EXERCISE
Leave out the pictures and copy each record below exactly.

Stored data entries:
+---+

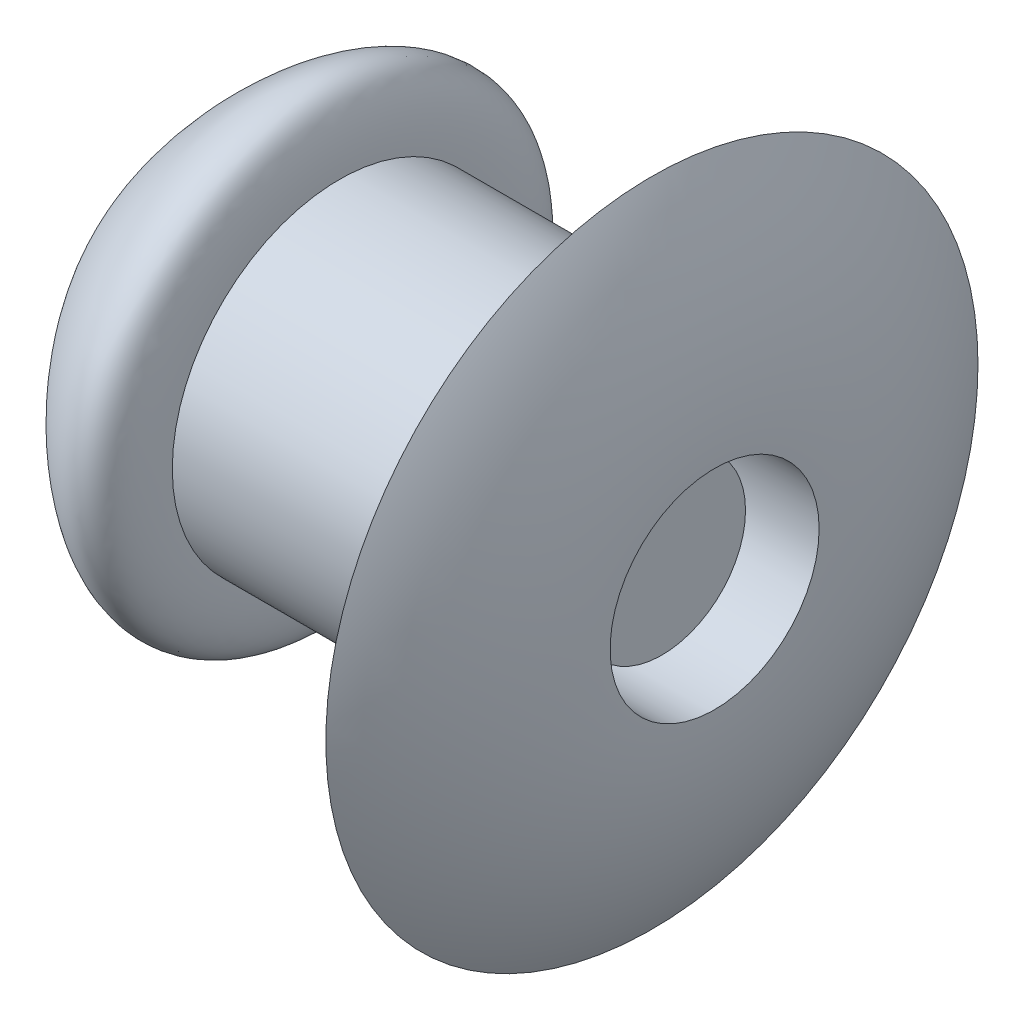
from build123d import *


with BuildPart() as part:
    # Szkic1 → Obrót1 (revolve)
    with BuildSketch(Plane.XY):
        with BuildLine():
            Line((350.856147885, 893.681551629), (345.444477863, 893.681551629))
            add(Edge.make_bspline(
                [(346.055380649, 894.856511413), (345.172357287, 894.874577993), (345.444477863, 893.681551629)],
                knots=[0, 0, 0, 1, 1, 1], degree=2))
            add(Edge.make_bspline(
                [(347.000000014, 895.681551629), (347.036555424, 898.021351685), (343.536594652, 893.309377005), (345.758684651, 895.170148194), (346.055380649, 894.856511413)],
                knots=[0, 0, 0, 0, 0.744501965, 1, 1, 1, 1], degree=3))
            Line((347.000000014, 895.681551629), (350.7366, 895.681551629))
            Line((350.7366, 895.681551629), (350.7366, 897.581551629))
            ThreePointArc((350.7366, 897.581551629), (351.295488572, 896.308595565), (351.4866, 894.931551629))
            Line((351.4866, 894.931551629), (347, 894.931551629))
            Line((347, 894.931551629), (347, 894.681551629))
            Line((347, 894.681551629), (350.856147885, 894.681551629))
            Line((350.856147885, 894.681551629), (350.856147885, 893.681551629))
        make_face()
    revolve(axis=Axis((350.856147885, 893.681551629, 0), (-1, 0, 0)))


solid = part.part

+---+

SOLUTION
from build123d import *


with BuildPart() as part:
    # Szkic1 → Obrót1 (revolve)
    with BuildSketch(Plane.XY):
        with BuildLine():
            Line((350.856147885, 893.681551629), (345.444477863, 893.681551629))
            add(Edge.make_bspline(
                [(346.055380649, 894.856511413), (345.172357287, 894.874577993), (345.444477863, 893.681551629)],
                knots=[0, 0, 0, 1, 1, 1], degree=2))
            add(Edge.make_bspline(
                [(347.000000014, 895.681551629), (347.036555424, 898.021351685), (343.536594652, 893.309377005), (345.758684651, 895.170148194), (346.055380649, 894.856511413)],
                knots=[0, 0, 0, 0, 0.744501965, 1, 1, 1, 1], degree=3))
            Line((347.000000014, 895.681551629), (350.7366, 895.681551629))
            Line((350.7366, 895.681551629), (350.7366, 897.581551629))
            ThreePointArc((350.7366, 897.581551629), (351.295488572, 896.308595565), (351.4866, 894.931551629))
            Line((351.4866, 894.931551629), (347, 894.931551629))
            Line((347, 894.931551629), (347, 894.681551629))
            Line((347, 894.681551629), (350.856147885, 894.681551629))
            Line((350.856147885, 894.681551629), (350.856147885, 893.681551629))
        make_face()
    revolve(axis=Axis((350.856147885, 893.681551629, 0), (-1, 0, 0)))


solid = part.part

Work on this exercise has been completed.